Author: Funk, A.; Mhamdi, M.; Hohenberg, H. (...)
Source: J Virol, 2008, 82(21): 10532-10542
Abstract:
The identity and functionality of biological membranes are determined by cooperative interaction between their lipid and protein constituents. Cholesterol is an important structural lipid that modulates fluidity of biological membranes favoring the formation of detergent-resistant microdomains. In the present study, we evaluated the functional role of cholesterol and lipid rafts for entry of hepatitis B viruses into hepatocytes. We show that the duck hepatitis B virus (DHBV) attaches predominantly to detergent-soluble domains on the plasma membrane. Cholesterol depletion from host membranes and thus disruption of rafts does not affect DHBV infection. In contrast, depletion of cholesterol from the envelope of both DHBV and human HBV strongly reduces virus infectivity. Cholesterol depletion increases the density of viral particles and leads to changes in the ultrastructural appearance of the virus envelope. However, the dual topology of the viral envelope protein L is not significantly impaired. Infectivity and density of viral particles are partially restored upon cholesterol replenishment. Binding and entry of cholesterol-deficient DHBV into hepatocytes are not significantly impaired, in contrast to their release from endosomes. We therefore conclude that viral but not host cholesterol is required for endosomal escape of DHBV.
Title: Hepatitis B virus infection is dependent on cholesterol in the viral envelope.
Author: Bremer, C. M.; Bung, C.; Kott, N. (...)

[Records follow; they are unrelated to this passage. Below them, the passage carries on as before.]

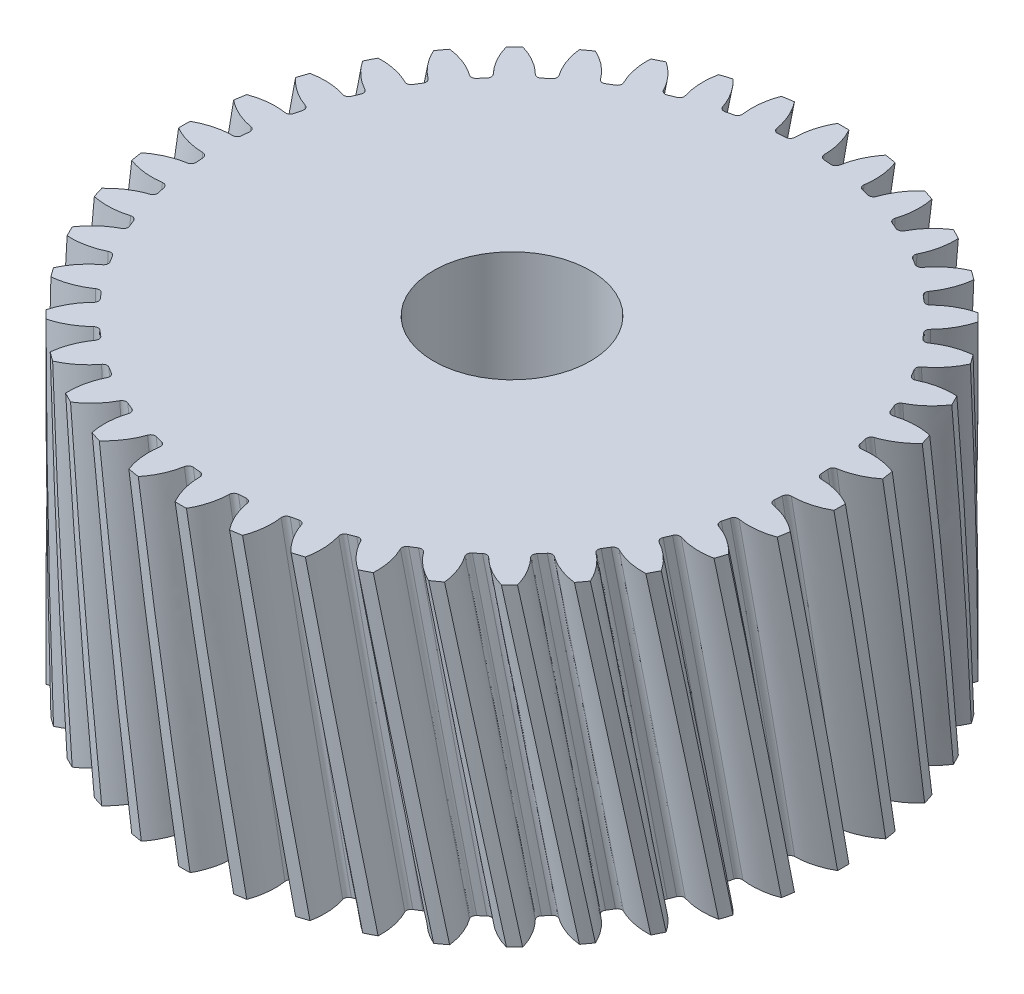
SolidWorks part; units mm, degrees
ref_plane "Front Plane" through (0, 0, 0) normal (0, 0, 1) x (1, 0, 0)
ref_plane "Top Plane" through (0, 0, 0) normal (0, 1, 0) x (1, 0, 0)
ref_plane "Right Plane" through (0, 0, 0) normal (1, 0, 0) x (0, 0, -1)
sketch "Sketch1" plane through (0, 0, 0) normal (0, 1, 0) x (1, 0, 0)
  circle A0 centre (0, 0) radius 20
  circle A1 centre (0, 0) radius 21
  circle A2 centre (0, 0) radius 18.6
  dimension "D1" = 40
  dimension "D2" = 42
  dimension "D3" = 2.4
extrude "Boss-Extrude1" add sketch "Sketch1" along normal mid plane 20 contours A1
sketch "Sketch2" plane through (0, 0, 0) normal (0, 1, 0) x (1, 0, 0)
  line L0 (0, 0) -> (0, 21) construction
  line L1 (-0.7852, 19.9846) -> (0.7852, 19.9846) construction
  line L2 (-0.5197, 18.5927) -> (0, 0) construction
  line L3 (-1.5001, 21.9488) -> (0, 17.8273) construction
  line L4 (0, 0) -> (1.6476, 20.9353) construction
  line L5 (0.7852, 19.9846) -> (2.3507, 19.8614) construction
  circle A0 centre (0, 0) radius 21 construction
  arc A1 (-2.1396, 21.8957) -> (-0.5197, 18.5927) centre (-4.9494, 18.4689) cw
  arc A2 (2.1396, 21.8957) -> (0.5197, 18.5927) centre (4.9494, 18.4689) ccw
  circle A3 centre (0, 0) radius 18.6 construction
  arc A4 (0.5197, 18.5927) -> (-0.5197, 18.5927) centre (0, 0) ccw
  circle A5 centre (0, 0) radius 20 construction
  circle A7 centre (0, 0) radius 22
  arc A8 (2.1396, 21.8957) -> (-2.1396, 21.8957) centre (0, 0) ccw
  circle A9 centre (0, 0) radius 21 construction
  dimension "D2" = 20
  dimension "D3" = 4.5
sketch "Sketch5" plane through (0, 0, 0) normal (0, 0, 1) x (1, 0, 0)
  line L0 (-1.7633, -10) -> (1.7633, 10)
  line L1 (-21, -10) -> (21, -10) construction
  line L2 (21, 10) -> (-21, 10) construction
  line L3 (0, -10) -> (0, 10) construction
  dimension "D1" = 10
curve "Curve1"
sketch "Sketch6" plane through (0, 10, 0) normal (0, 1, 0) x (0.9965, 0, 0.084)
  line L0 (0, 0) -> (0, 21) construction
  line L1 (-0.7852, 19.9846) -> (0.7852, 19.9846) construction
  line L2 (-0.5197, 18.5927) -> (0, 0) construction
  line L3 (-1.5001, 21.9488) -> (0, 17.8273) construction
  line L4 (0, 0) -> (1.6476, 20.9353) construction
  line L5 (0.7852, 19.9846) -> (2.3507, 19.8614) construction
  arc A1 (-2.1396, 21.8957) -> (-0.5197, 18.5927) centre (-4.9494, 18.4689) cw
  arc A2 (2.1396, 21.8957) -> (0.5197, 18.5927) centre (4.9494, 18.4689) ccw
  arc A4 (0.5197, 18.5927) -> (-0.5197, 18.5927) centre (0, 0) ccw
  arc A8 (2.1396, 21.8957) -> (-2.1396, 21.8957) centre (0, 0) ccw
sketch "Sketch7" plane through (0, -10, 0) normal (0, 1, 0) x (0.9965, 0, -0.084)
  line L0 (0, 0) -> (0, 21) construction
  line L1 (-0.7852, 19.9846) -> (0.7852, 19.9846) construction
  line L2 (-0.5197, 18.5927) -> (0, 0) construction
  line L3 (-1.5001, 21.9488) -> (0, 17.8273) construction
  line L4 (0, 0) -> (1.6476, 20.9353) construction
  line L5 (0.7852, 19.9846) -> (2.3507, 19.8614) construction
  arc A1 (-2.1396, 21.8957) -> (-0.5197, 18.5927) centre (-4.9494, 18.4689) cw
  arc A2 (2.1396, 21.8957) -> (0.5197, 18.5927) centre (4.9494, 18.4689) ccw
  arc A4 (0.5197, 18.5927) -> (-0.5197, 18.5927) centre (0, 0) ccw
  arc A8 (2.1396, 21.8957) -> (-2.1396, 21.8957) centre (0, 0) ccw
loft "Cut-Loft1" cut profiles "Sketch6", "Sketch2", "Sketch7" start constraint default end constraint default connector at (3.9705, 10, -21.6387) connector at (2.1396, 0, -21.8957) connector at (0.2936, -10, -21.998)
fillet "Fillet2" radius 0.3 2 edges
pattern_circular "CirPattern3" count 40 over 360 about axis through (0, 10, 0) along (0, -1, 0) of "Cut-Loft1", "Fillet2"
sketch "Sketch8" plane through (0, 10, 0) normal (0, 1, 0) x (1, 0, 0)
  circle A0 centre (0, 0) radius 5
  dimension "D1" = 10
extrude "Cut-Extrude1" cut sketch "Sketch8" against normal through all
equation "\"module\"= 1"
equation "\"number of teeth\" = 40"
equation "\"D1@Sketch1\"=\"module\"*\"number of teeth\""
equation "\"D2@Sketch1\"=(\"number of teeth\"+2) * \"module\""
equation "\"D3@Sketch1\"=\"module\"*if( \"module\"=>1.25,2.25,2.4)"
equation "\"pressure angle\"= 20deg"
equation "\"D2@Sketch2\"=\"pressure angle\""
equation "\"D3@Sketch2\"=180 / \"number of teeth\""
equation "\"helix angle\"= 10deg"
equation "\"D1@Sketch5\"=\"helix angle\""
equation "\"D1@Fillet2\"=\"module\"*.3"
equation "\"D1@CirPattern3\"=\"number of teeth\""

Source: Cell Microbiol, 2009, 11(2): 249-260
Abstract:
The viral and cellular determinants leading to binding and entry of hepatitis B virus (HBV) are still not fully understood. We found that HBV infection of primary hepatocyte cultures is dependent on the presence of cholesterol in the viral envelope. Extraction of cholesterol from HBV purified from plasma of HBV-infected patients with methyl-beta-cyclodextrin (MbetaCD) leads to a strongly reduced level of infection. The cholesterol-depleted virions showed higher buoyant density (1.23 versus 1.17 g ml(-1)), a smaller diameter (39 versus 48 nm), but maintained particle integrity, antigenicity and ability to bind to hepatocytes. Although addition of exogenous cholesterol and cholesterol analogues restored the physical appearance of cholesterol-depleted virions, infectivity was only regained by cholesterol add-back. Infectivity of HBV produced from cell culture in the presence of inhibitors of cholesterol-synthesis is severely impaired. Interestingly, cholesterol extraction from cellular membranes, incubation with filipin and the protein tyrosine kinase inhibitor genistein showed no effect on HBV infection, excluding a role of lipid rafts for the infection process of HBV. In summary, presence of cholesterol within the viral envelope is not important for viral binding, but indispensable for the entry process of HBV and might be important for a later step in viral uptake, e.g. fusion in a yet unknown compartment.